The Commission will carefully examine the nature of the relationship between the individual and the church on a case by case basis to determine whether to apply the ministerial exception or whether the individual should be considered "clergy." For example, it questions the court's conclusion in Assemany.

CHARGE RESOLUTION

When a charge alleging sex discrimination in wages is filed against a religious institution, the charge can be analyzed under the EPA and/or Title VII. It should also be noted that Title VII covers types of wage discrimination not actionable under the EPA. Therefore, if an action cannot be brought under the EPA, it may nevertheless be a violation of Title VII. See EEOC Compliance Manual, Volume II, . 633, Wages.


Date: __2/1/90__                   Approved:    "s"         
                                   R. Gaull Silberman
                                   Vice Chairman



Footnotes

1 In reversing, the Supreme Court did not reach the merits of the claim that the Constitution would be violated by applying the antidiscrimination law where the discrimination was based on religious beliefs. Thus, the Sixth Circuit decision still represents that court's thinking on the issue. Nevertheless, the Supreme Court's decision lends strong support to the Commission's position.
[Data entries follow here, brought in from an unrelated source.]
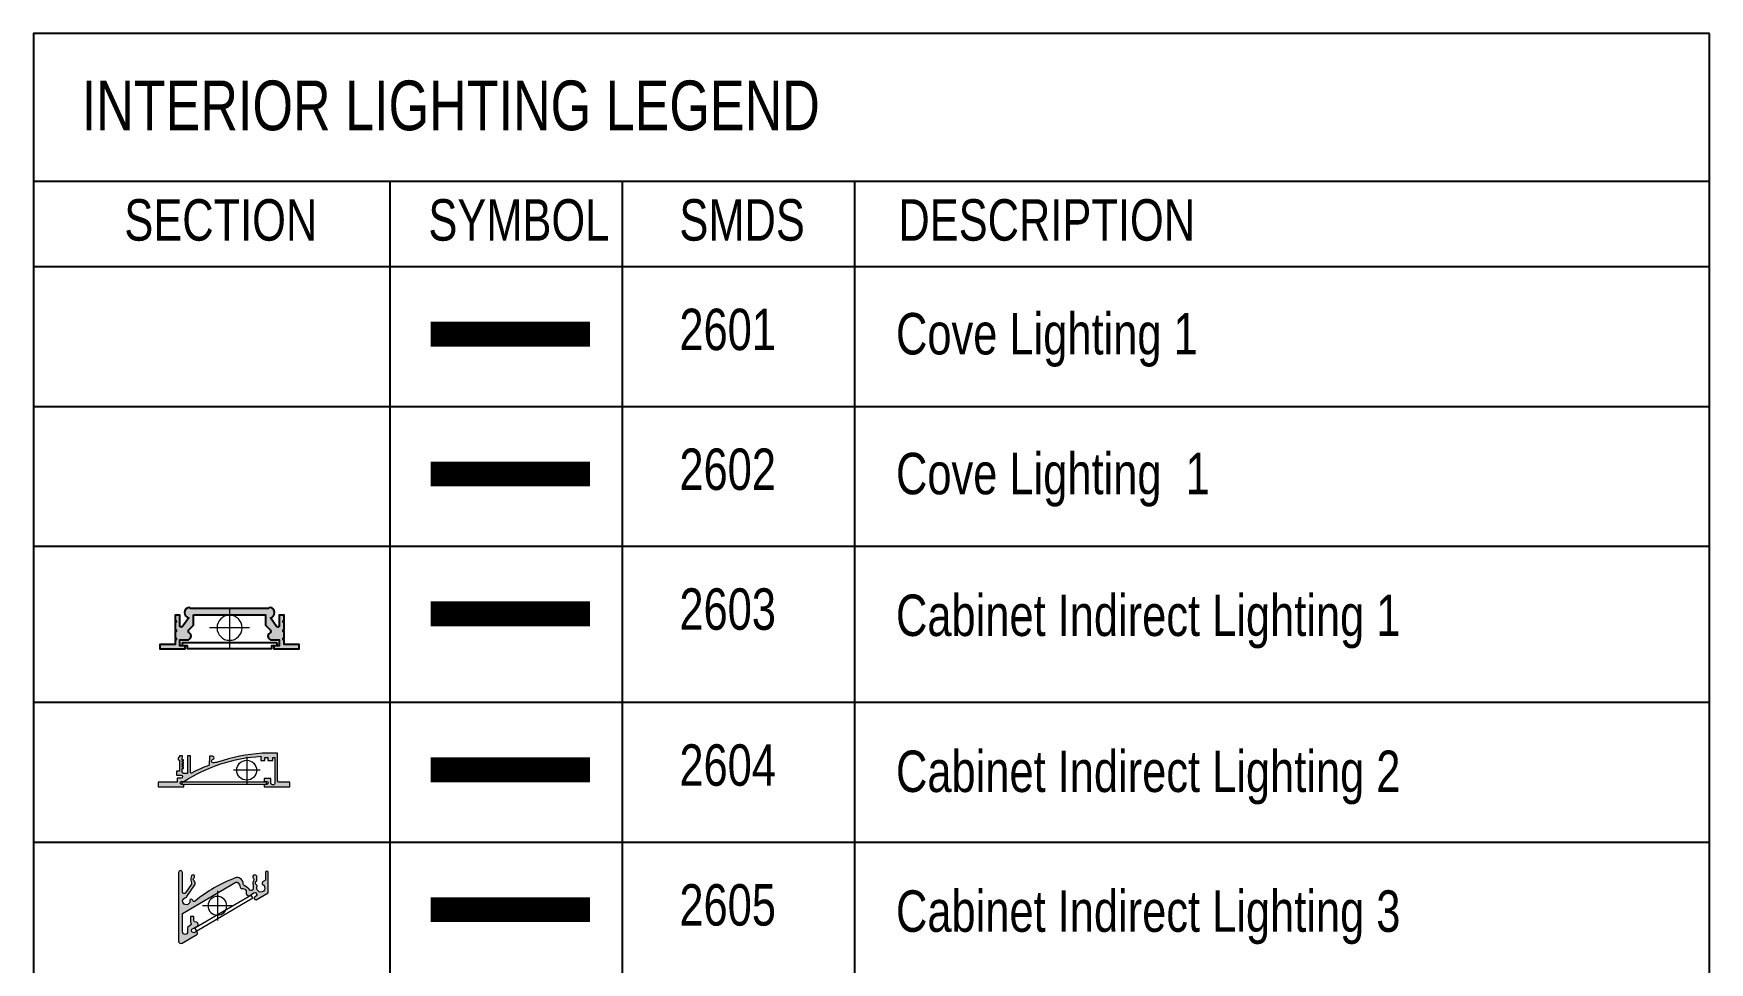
# Model space of a CAD drawing. Header units: inches. Extents: x 258415 to 640093, y 441672 to 945769.
# Drawn here: x 299166 to 301188, y 470762 to 471883 of the extents above; entities that cross this region are included whole.
import ezdxf

# ---------------------------------------------------------------- set-up
doc = ezdxf.new("R2010")
doc.units = ezdxf.units.IN
doc.header["$MEASUREMENT"] = 0
doc.linetypes.add('HIDDEN', pattern=[0.375, 0.25, -0.125])
doc.layers.add('CQ lighting plan', color=7, linetype='Continuous', lineweight=0)
for name, color, linetype in [('CQ SPOT DETAIL DIMENSION', 9, 'Continuous'), ('CQ text label', 3, 'Continuous'), ('CQ-legend tex box', 3, 'Continuous'), ('LIGHT', 130, 'Continuous')]:
    doc.layers.add(name, color=color, linetype=linetype)
doc.styles.add('DIM 50', font='romans.shx', dxfattribs={"width": 0.75, "height": 100})

# ---------------------------------------------------------------- blocks, each defined once
blk = doc.blocks.new('atenalux street W1')
at = {"layer": 'LIGHT'}
h = blk.add_hatch(color=256, dxfattribs=at)
h.dxf.hatch_style = 1
edge = h.paths.add_edge_path()
edge.add_line((189311.544361494, -45178.70249296247), (189311.544361494, -45177.78030837011))
edge.add_line((189311.544361494, -45177.78030837011), (189310.5216382604, -45177.76164346467))
edge.add_arc((189310.570096797, -45177.16644036571), 0.5971724698803613, 94.65447739648891, 265.3455226035111, ccw=False)
edge.add_line((189310.5216382604, -45176.57123726674), (189311.544361494, -45176.57123726674))
edge.add_arc((189346.3096220456, -45230.52713333402), 64.18615163446958, 93.40311122150018, 122.79479146538421, ccw=False)
edge.add_line((189342.4994949228, -45166.45416717082), (189342.4994949228, -45168.08423558809))
edge.add_line((189342.4994949228, -45168.08423558809), (189344.0140486006, -45168.08423558809))
edge.add_line((189344.0140486006, -45168.08423558809), (189344.0140486006, -45166.87378189909))
edge.add_line((189344.0140486006, -45166.87378189909), (189345.2498391743, -45166.87378189909))
edge.add_line((189345.2498391743, -45166.87378189909), (189345.2498391743, -45168.08423558809))
edge.add_line((189345.2498391743, -45168.08423558809), (189347.2498391744, -45168.08423558804))
edge.add_line((189347.2498391744, -45168.08423558804), (189347.2498391744, -45166.87378189909))
edge.add_line((189347.2498391744, -45166.87378189909), (189348.1386771973, -45166.87378189909))
edge.add_line((189348.1386771973, -45166.87378189909), (189348.1386771973, -45177.09661979308))
edge.add_arc((189347.2935100805, -45177.09661979308), 0.8451671167567838, -180, 0, ccw=False)
edge.add_line((189346.4483429638, -45177.09661979308), (189346.4483429638, -45175.40640890249))
edge.add_line((189346.4483429638, -45175.40640890249), (189343.8187368719, -45175.40640890249))
edge.add_line((189343.8187368719, -45175.40640890249), (189343.818736872, -45176.57123726674))
edge.add_line((189343.818736872, -45176.57123726674), (189344.8414601055, -45176.57123726674))
edge.add_arc((189344.7972173665, -45177.16644036571), 0.596845163316831, -85.74889826573792, 85.74889826573792, ccw=False)
edge.add_line((189344.8414601055, -45177.76164346467), (189343.8187368719, -45177.76164346467))
edge.add_line((189343.8187368719, -45177.76164346467), (189343.8187368719, -45178.70249296247))
edge.add_line((189343.8187368719, -45178.70249296247), (189354.1815491829, -45178.70249296244))
edge.add_line((189354.1815491829, -45178.70249296244), (189354.1815491829, -45176.8947622962))
edge.add_line((189354.1815491829, -45176.8947622962), (189349.7544378615, -45176.89476229623))
edge.add_arc((189349.8646449506, -45176.2487326448), 0.6553624287413357, 180.7626765499996, 260.31902611595547, ccw=False)
edge.add_line((189349.2093405823, -45176.25745605864), (189349.2093405823, -45165.20249296246))
edge.add_line((189349.2093405823, -45165.20249296246), (189342.9913253668, -45165.20249296246))
edge.add_arc((189348.1008278033, -45237.0413021186), 72.02028544876345, 94.06828525702979, 108.6456811655841)
edge.add_arc((189322.2692895201, -45157.21580451013), 11.92015417419807, 274.75657119411545, 283.6131212538516, ccw=False)
edge.add_arc((189323.2460358859, -45168.43080352077), 0.664205240283495, 103.9858648051, 271.0095475196818, ccw=False)
edge.add_arc((189322.9148293984, -45167.07218293211), 0.7342194272356116, 283.4421902823797, 436.5578097176204)
edge.add_line((189323.0855090958, -45166.35807747196), (189321.8053294926, -45166.35807747196))
edge.add_line((189321.8053294926, -45166.35807747196), (189321.7185538104, -45170.01110056326))
edge.add_arc((189349.0640864349, -45240.60192101306), 75.70232550121848, 111.1754141484294, 117.0489561995768)
edge.add_arc((189314.5290669177, -45172.79738259274), 0.3979560864587856, 182.0035554219123, 285.93566567143563, ccw=False)
edge.add_line((189314.131354118, -45172.81129573949), (189314.131354118, -45166.21567115559))
edge.add_line((189314.131354118, -45166.21567115559), (189312.9221969616, -45166.21567115559))
edge.add_line((189312.9221969616, -45166.21567115559), (189312.9221969617, -45173.39474686085))
edge.add_line((189312.9221969617, -45173.39474686085), (189311.744999906, -45173.39474686082))
edge.add_arc((189311.7645455358, -45172.43558165922), 0.9593643289220275, 176.0124862120145, 268.8326024350229, ccw=False)
edge.add_line((189310.8075036089, -45172.36886834887), (189310.8075036088, -45171.33398759527))
edge.add_line((189310.8075036088, -45171.33398759527), (189311.3075036087, -45171.33398759527))
edge.add_line((189311.3075036087, -45171.33398759527), (189311.3075036087, -45170.83398759528))
edge.add_line((189311.3075036087, -45170.83398759528), (189310.8075036088, -45170.83398759528))
edge.add_line((189310.8075036088, -45170.83398759528), (189310.8075036088, -45170.33398759528))
edge.add_line((189310.8075036088, -45170.33398759528), (189311.3075036087, -45170.33398759528))
edge.add_line((189311.3075036087, -45170.33398759528), (189311.3075036087, -45169.8339875953))
edge.add_line((189311.3075036087, -45169.8339875953), (189310.8075036088, -45169.8339875953))
edge.add_line((189310.8075036088, -45169.8339875953), (189310.8075036088, -45169.3339875953))
edge.add_line((189310.8075036088, -45169.3339875953), (189311.3075036087, -45169.3339875953))
edge.add_line((189311.3075036087, -45169.3339875953), (189311.3075036087, -45168.83398759528))
edge.add_line((189311.3075036087, -45168.83398759528), (189310.8075036088, -45168.83398759528))
edge.add_line((189310.8075036088, -45168.83398759528), (189310.8075036088, -45168.33398759528))
edge.add_line((189310.8075036088, -45168.33398759528), (189311.3075036087, -45168.33398759528))
edge.add_line((189311.3075036087, -45168.33398759528), (189311.3075036087, -45167.83398759528))
edge.add_line((189311.3075036087, -45167.83398759528), (189310.8075036088, -45167.83398759528))
edge.add_line((189310.8075036088, -45167.83398759528), (189310.9442218188, -45166.21567115559))
edge.add_line((189310.9442218188, -45166.21567115559), (189309.7492691518, -45166.21567115559))
edge.add_line((189309.7492691518, -45166.21567115559), (189309.7492691518, -45166.79359193459))
edge.add_arc((189309.7600148737, -45167.40322789511), 0.6097306576607903, 91.00981700818687, 185.0814664245991)
edge.add_arc((189309.7121701708, -45167.45337831057), 0.5595028506178757, 180.3947439302755, 273.8019032641388)
edge.add_line((189309.7492691518, -45168.01164984435), (189309.7492691518, -45172.36886834887))
edge.add_line((189309.7492691518, -45172.36886834887), (189308.6075833197, -45172.36886834887))
edge.add_line((189308.6075833197, -45172.36886834887), (189308.6075833197, -45173.99064125259))
edge.add_line((189308.6075833197, -45173.99064125259), (189310.3813689281, -45173.99064125259))
edge.add_arc((189310.3813689281, -45174.62144593061), 0.6308046780177392, -90, 90, ccw=False)
edge.add_line((189310.3813689281, -45175.25225060863), (189308.8632641281, -45175.25225060863))
edge.add_line((189308.8632641281, -45175.25225060863), (189308.8632641281, -45176.89476229623))
edge.add_line((189308.8632641281, -45176.89476229623), (189301.1815491829, -45176.89476229622))
edge.add_line((189301.1815491829, -45176.89476229622), (189301.181549183, -45178.70249296247))
edge.add_line((189301.181549183, -45178.70249296247), (189311.544361494, -45178.70249296247))
at = {"layer": 'LIGHT', "lineweight": 0}
for p, q in [((189336.7727299246, -45166.71541723591), (189336.7727299246, -45177.41334989107)), ((189342.1507008898, -45172.09338820106), (189331.4527682346, -45172.09338820106))]:
    blk.add_line(p, q, dxfattribs=at)
blk.add_lwpolyline([(189311.544361494, -45178.70249296247), (189311.544361494, -45177.78030837011), (189310.5216382604, -45177.76164346467, -0.9218936095416584), (189310.5216382604, -45176.57123726674), (189311.544361494, -45176.57123726674, -0.1289531336027979), (189342.4994949228, -45166.45416717082), (189342.4994949228, -45168.08423558809), (189344.0140486006, -45168.08423558809), (189344.0140486006, -45166.87378189909), (189345.2498391743, -45166.87378189909), (189345.2498391743, -45168.08423558809), (189347.2498391744, -45168.08423558804), (189347.2498391744, -45166.87378189909), (189348.1386771973, -45166.87378189909), (189348.1386771973, -45177.09661979308, -1), (189346.4483429638, -45177.09661979308), (189346.4483429638, -45175.40640890249), (189343.8187368719, -45175.40640890249), (189343.818736872, -45176.57123726674), (189344.8414601055, -45176.57123726674, -0.9284266584803949), (189344.8414601055, -45177.76164346467), (189343.8187368719, -45177.76164346467), (189343.8187368719, -45178.70249296247), (189354.1815491829, -45178.70249296244), (189354.1815491829, -45176.8947622962), (189349.7544378615, -45176.89476229623, -0.3617795423175579), (189349.2093405823, -45176.25745605864), (189349.2093405823, -45165.20249296246), (189342.9913253668, -45165.20249296246, 0.0636918047558478), (189325.0748729697, -45168.80108728805, -0.0386632376615566), (189323.257738529, -45169.09490565852, -0.8927197955759222), (189323.0855090958, -45167.78628839226, 0.7891547695146983), (189323.0855090958, -45166.35807747196), (189321.8053294926, -45166.35807747196), (189321.7185538104, -45170.01110056326, 0.0256337742430223), (189314.6383288787, -45173.18004546086, -0.4873659497000562), (189314.131354118, -45172.81129573949), (189314.131354118, -45166.21567115559), (189312.9221969616, -45166.21567115559), (189312.9221969617, -45173.39474686085), (189311.744999906, -45173.39474686082, -0.4287044488086413), (189310.8075036089, -45172.36886834887), (189310.8075036088, -45171.33398759527), (189311.3075036087, -45171.33398759527), (189311.3075036087, -45170.83398759528), (189310.8075036088, -45170.83398759528), (189310.8075036088, -45170.33398759528), (189311.3075036087, -45170.33398759528), (189311.3075036087, -45169.8339875953), (189310.8075036088, -45169.8339875953), (189310.8075036088, -45169.3339875953), (189311.3075036087, -45169.3339875953), (189311.3075036087, -45168.83398759528), (189310.8075036088, -45168.83398759528), (189310.8075036088, -45168.33398759528), (189311.3075036087, -45168.33398759528), (189311.3075036087, -45167.83398759528), (189310.8075036088, -45167.83398759528), (189310.9442218188, -45166.21567115559), (189309.7492691518, -45166.21567115559), (189309.7492691518, -45166.79359193459, 0.4351841613803261), (189309.1526805989, -45167.45723302045, 0.4317400117479343), (189309.7492691518, -45168.01164984435), (189309.7492691518, -45172.36886834887), (189308.6075833197, -45172.36886834887), (189308.6075833197, -45173.99064125259), (189310.3813689281, -45173.99064125259, -0.9999999999999998), (189310.3813689281, -45175.25225060863), (189308.8632641281, -45175.25225060863), (189308.8632641281, -45176.89476229623), (189301.1815491829, -45176.89476229622), (189301.181549183, -45178.70249296247), (189311.544361494, -45178.70249296247)], format="xyb", dxfattribs=at)
blk.add_lwpolyline([(189310.7577878961, -45176.7779338134), (189344.6053104699, -45176.7779338134), (189344.6053104699, -45177.76164346467), (189310.7577878961, -45177.76164346467)], close=True, dxfattribs=at)
blk.add_circle((189336.7727299246, -45172.06438356351), 4, dxfattribs=at)
blk = doc.blocks.new('atenalux street R1')
at = {"layer": 'LIGHT'}
h = blk.add_hatch(color=256, dxfattribs=at)
h.dxf.hatch_style = 1
edge = h.paths.add_edge_path()
edge.add_line((29467.83443352746, -4511.555309089547), (29453.40413005718, -4511.555309089547))
edge.add_line((29453.40413005718, -4511.555309089547), (29453.40413005718, -4513.662257986609))
edge.add_line((29453.40413005718, -4513.662257986609), (29452.45883643753, -4514.567186548901))
edge.add_arc((29452.78299993223, -4514.866742556777), 0.4413793981953843, 137.2593077479785, 237.5670454932798)
edge.add_arc((29452.14570792602, -4515.869678548361), 0.7469057966938787, -90, 57.56704549272081, ccw=False)
edge.add_line((29452.14570792602, -4516.616584345054), (29450.62951455152, -4516.616584345054))
edge.add_line((29450.62951455152, -4516.616584345054), (29450.62951455152, -4517.789049496232))
edge.add_line((29450.62951455152, -4517.789049496232), (29451.69025579531, -4517.789049496232))
edge.add_line((29451.69025579531, -4517.789049496232), (29451.69025579531, -4518.404540865961))
edge.add_line((29451.69025579531, -4518.404540865961), (29446.61928179232, -4518.404540865961))
edge.add_line((29446.61928179232, -4518.404540865961), (29446.61928179232, -4517.515997486117))
edge.add_line((29446.61928179232, -4517.515997486117), (29449.65554106768, -4517.515997486117))
edge.add_line((29449.65554106768, -4517.515997486117), (29449.65554106768, -4516.583313728903))
edge.add_line((29449.65554106768, -4516.583313728903), (29449.85554106769, -4516.583313728903))
edge.add_line((29449.85554106769, -4516.583313728903), (29449.85554106769, -4516.283313728904))
edge.add_line((29449.85554106769, -4516.283313728904), (29449.65554106768, -4516.283313728904))
edge.add_line((29449.65554106768, -4516.283313728904), (29449.65554106768, -4514.906767428086))
edge.add_line((29449.65554106768, -4514.906767428086), (29449.85554106769, -4514.906767428086))
edge.add_line((29449.85554106769, -4514.906767428086), (29449.85554106769, -4514.606767428086))
edge.add_line((29449.85554106769, -4514.606767428086), (29449.65554106768, -4514.606767428086))
edge.add_line((29449.65554106768, -4514.606767428086), (29449.65554106768, -4513.068063877311))
edge.add_line((29449.65554106768, -4513.068063877311), (29449.85554106769, -4513.068063877311))
edge.add_line((29449.85554106769, -4513.068063877311), (29449.85554106769, -4512.768063877312))
edge.add_line((29449.85554106769, -4512.768063877312), (29449.65554106768, -4512.768063877312))
edge.add_line((29449.65554106768, -4512.768063877312), (29449.65554106768, -4511.662698722203))
edge.add_line((29449.65554106768, -4511.662698722203), (29450.64528599445, -4511.662698722203))
edge.add_line((29450.64528599445, -4511.662698722203), (29450.64528599445, -4513.899163369308))
edge.add_arc((29450.90548170409, -4513.713097602993), 0.3198785343063469, 215.5685321116466, 324.4314678887325)
edge.add_line((29451.16567741373, -4513.899163369308), (29452.4136404138, -4512.154002908886))
edge.add_arc((29452.60931374454, -4511.116647501909), 1.055648754439101, 100.6820267683716, 259.3179732316192, ccw=False)
edge.add_arc((29452.4397569253, -4510.485504116509), 0.4070507077110688, 22.98289507618182, 93.6786434880562, ccw=False)
edge.add_line((29452.81449654222, -4510.32656860078), (29468.42406704242, -4510.32656860078))
edge.add_arc((29468.79880665933, -4510.485504116502), 0.4070507077033902, 86.32135651290008, 157.0171049245612, ccw=False)
edge.add_arc((29468.62924984009, -4511.116647501909), 1.055648754439994, -79.31797323161919, 79.3179732316284, ccw=False)
edge.add_line((29468.82492317083, -4512.154002908886), (29470.0728861709, -4513.899163369308))
edge.add_arc((29470.33308188054, -4513.713097602993), 0.3198785343063469, 215.5685321116466, 324.4314678887325)
edge.add_line((29470.59327759019, -4513.899163369308), (29470.59327759019, -4511.662698722203))
edge.add_line((29470.59327759019, -4511.662698722203), (29471.58302251695, -4511.662698722203))
edge.add_line((29471.58302251695, -4511.662698722203), (29471.58302251695, -4512.768063877312))
edge.add_line((29471.58302251695, -4512.768063877312), (29471.38302251695, -4512.768063877312))
edge.add_line((29471.38302251695, -4512.768063877312), (29471.38302251695, -4513.068063877311))
edge.add_line((29471.38302251695, -4513.068063877311), (29471.58302251695, -4513.068063877311))
edge.add_line((29471.58302251695, -4513.068063877311), (29471.58302251695, -4514.606767428086))
edge.add_line((29471.58302251695, -4514.606767428086), (29471.38302251695, -4514.606767428086))
edge.add_line((29471.38302251695, -4514.606767428086), (29471.38302251695, -4514.906767428086))
edge.add_line((29471.38302251695, -4514.906767428086), (29471.58302251695, -4514.906767428086))
edge.add_line((29471.58302251695, -4514.906767428086), (29471.58302251695, -4516.283313728904))
edge.add_line((29471.58302251695, -4516.283313728904), (29471.38302251695, -4516.283313728904))
edge.add_line((29471.38302251695, -4516.283313728904), (29471.38302251695, -4516.583313728903))
edge.add_line((29471.38302251695, -4516.583313728903), (29471.58302251695, -4516.583313728903))
edge.add_line((29471.58302251695, -4516.583313728903), (29471.58302251695, -4517.515997486117))
edge.add_line((29471.58302251695, -4517.515997486117), (29474.61928179232, -4517.515997486117))
edge.add_line((29474.61928179232, -4517.515997486117), (29474.61928179232, -4518.404540865961))
edge.add_line((29474.61928179232, -4518.404540865961), (29469.54830778933, -4518.404540865961))
edge.add_line((29469.54830778933, -4518.404540865961), (29469.54830778933, -4517.789049496232))
edge.add_line((29469.54830778933, -4517.789049496232), (29470.60904903311, -4517.789049496232))
edge.add_line((29470.60904903311, -4517.789049496232), (29470.60904903311, -4516.616584345054))
edge.add_line((29470.60904903311, -4516.616584345054), (29469.09285565862, -4516.616584345054))
edge.add_arc((29469.09285565862, -4515.869678548361), 0.7469057966927721, 122.43295450704369, 270.0000000002791, ccw=False)
edge.add_arc((29468.45556365241, -4514.866742556773), 0.4413793981967856, 302.432954506005, 402.7406922509469)
edge.add_line((29468.77972714712, -4514.567186548901), (29467.83443352746, -4513.662257986609))
edge.add_line((29467.83443352746, -4513.662257986609), (29467.83443352746, -4511.555309089547))
at = {"layer": 'LIGHT', "lineweight": 0}
for p, q in [((29460.61928179232, -4510.15900668171), (29460.61928179232, -4518.15900668171)), ((29456.61938695233, -4514.188011319257), (29464.61917663231, -4514.188011319257))]:
    blk.add_line(p, q, dxfattribs=at)
at = {"layer": 'LIGHT'}
blk.add_lwpolyline([(29467.83443352746, -4511.555309089547), (29453.40413005718, -4511.555309089547), (29453.40413005718, -4513.662257986609), (29452.45883643753, -4514.567186548901, 0.4679434159390718), (29452.54628271705, -4515.239275418669, -0.7505964113906362), (29452.14570792602, -4516.616584345054), (29450.62951455152, -4516.616584345054), (29450.62951455152, -4517.789049496232), (29451.69025579531, -4517.789049496232), (29451.69025579531, -4518.404540865961), (29446.61928179232, -4518.404540865961), (29446.61928179232, -4517.515997486117), (29449.65554106768, -4517.515997486117), (29449.65554106768, -4516.583313728903), (29449.85554106769, -4516.583313728903), (29449.85554106769, -4516.283313728904), (29449.65554106768, -4516.283313728904), (29449.65554106768, -4514.906767428086), (29449.85554106769, -4514.906767428086), (29449.85554106769, -4514.606767428086), (29449.65554106768, -4514.606767428086), (29449.65554106768, -4513.068063877311), (29449.85554106769, -4513.068063877311), (29449.85554106769, -4512.768063877312), (29449.65554106768, -4512.768063877312), (29449.65554106768, -4511.662698722203), (29450.64528599445, -4511.662698722203), (29450.64528599445, -4513.899163369308, 0.514277380579591), (29451.16567741373, -4513.899163369308), (29452.4136404138, -4512.154002908886, -0.8290075107462632), (29452.4136404138, -4510.079292094931, -0.3186395684988785), (29452.81449654222, -4510.32656860078), (29468.42406704242, -4510.32656860078), (29468.42406704242, -4510.32656860078, -0.3186395684988785), (29468.82492317083, -4510.079292094931, -0.8290075107462632), (29468.82492317083, -4512.154002908886), (29470.0728861709, -4513.899163369308, 0.514277380579591), (29470.59327759019, -4513.899163369308), (29470.59327759019, -4511.662698722203), (29471.58302251695, -4511.662698722203), (29471.58302251695, -4512.768063877312), (29471.38302251695, -4512.768063877312), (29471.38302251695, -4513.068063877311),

It held that the state interest in eliminating sex discrimination was sufficiently important to bring the case within the principle that federal courts should abstain from enjoining state proceedings unless necessary to prevent irreparable injury and that the state agency's investigation violated no constitutional provision.

2 The section-by-section analysis of H.R. 1746, the Equal Employment Opportunity Act of 1972, states that:

The limited exemption . . . for religious . . . associations . . . has been broadened to allow such entities to employ individuals of a particular religion in all their activities . . . . Such organizations remain subject to the provisions of Title VII with regard to race, color, sex or national origin.
Reprinted in Legislative History of the Equal Employment Opportunity Act of 1972 at 1844, 1845.

3 The Rayburn court also noted that Title VII is an "interest of the highest order" which will often "overbalance legitimate claims to the free exercise of religion." Id. at 1169. Thus, Title VII will apply to decisions "such as those relating to a secular teacher in a church approved school," citing EEOC v. Mississippi College and EEOC v. Pacific Press Publishing Co.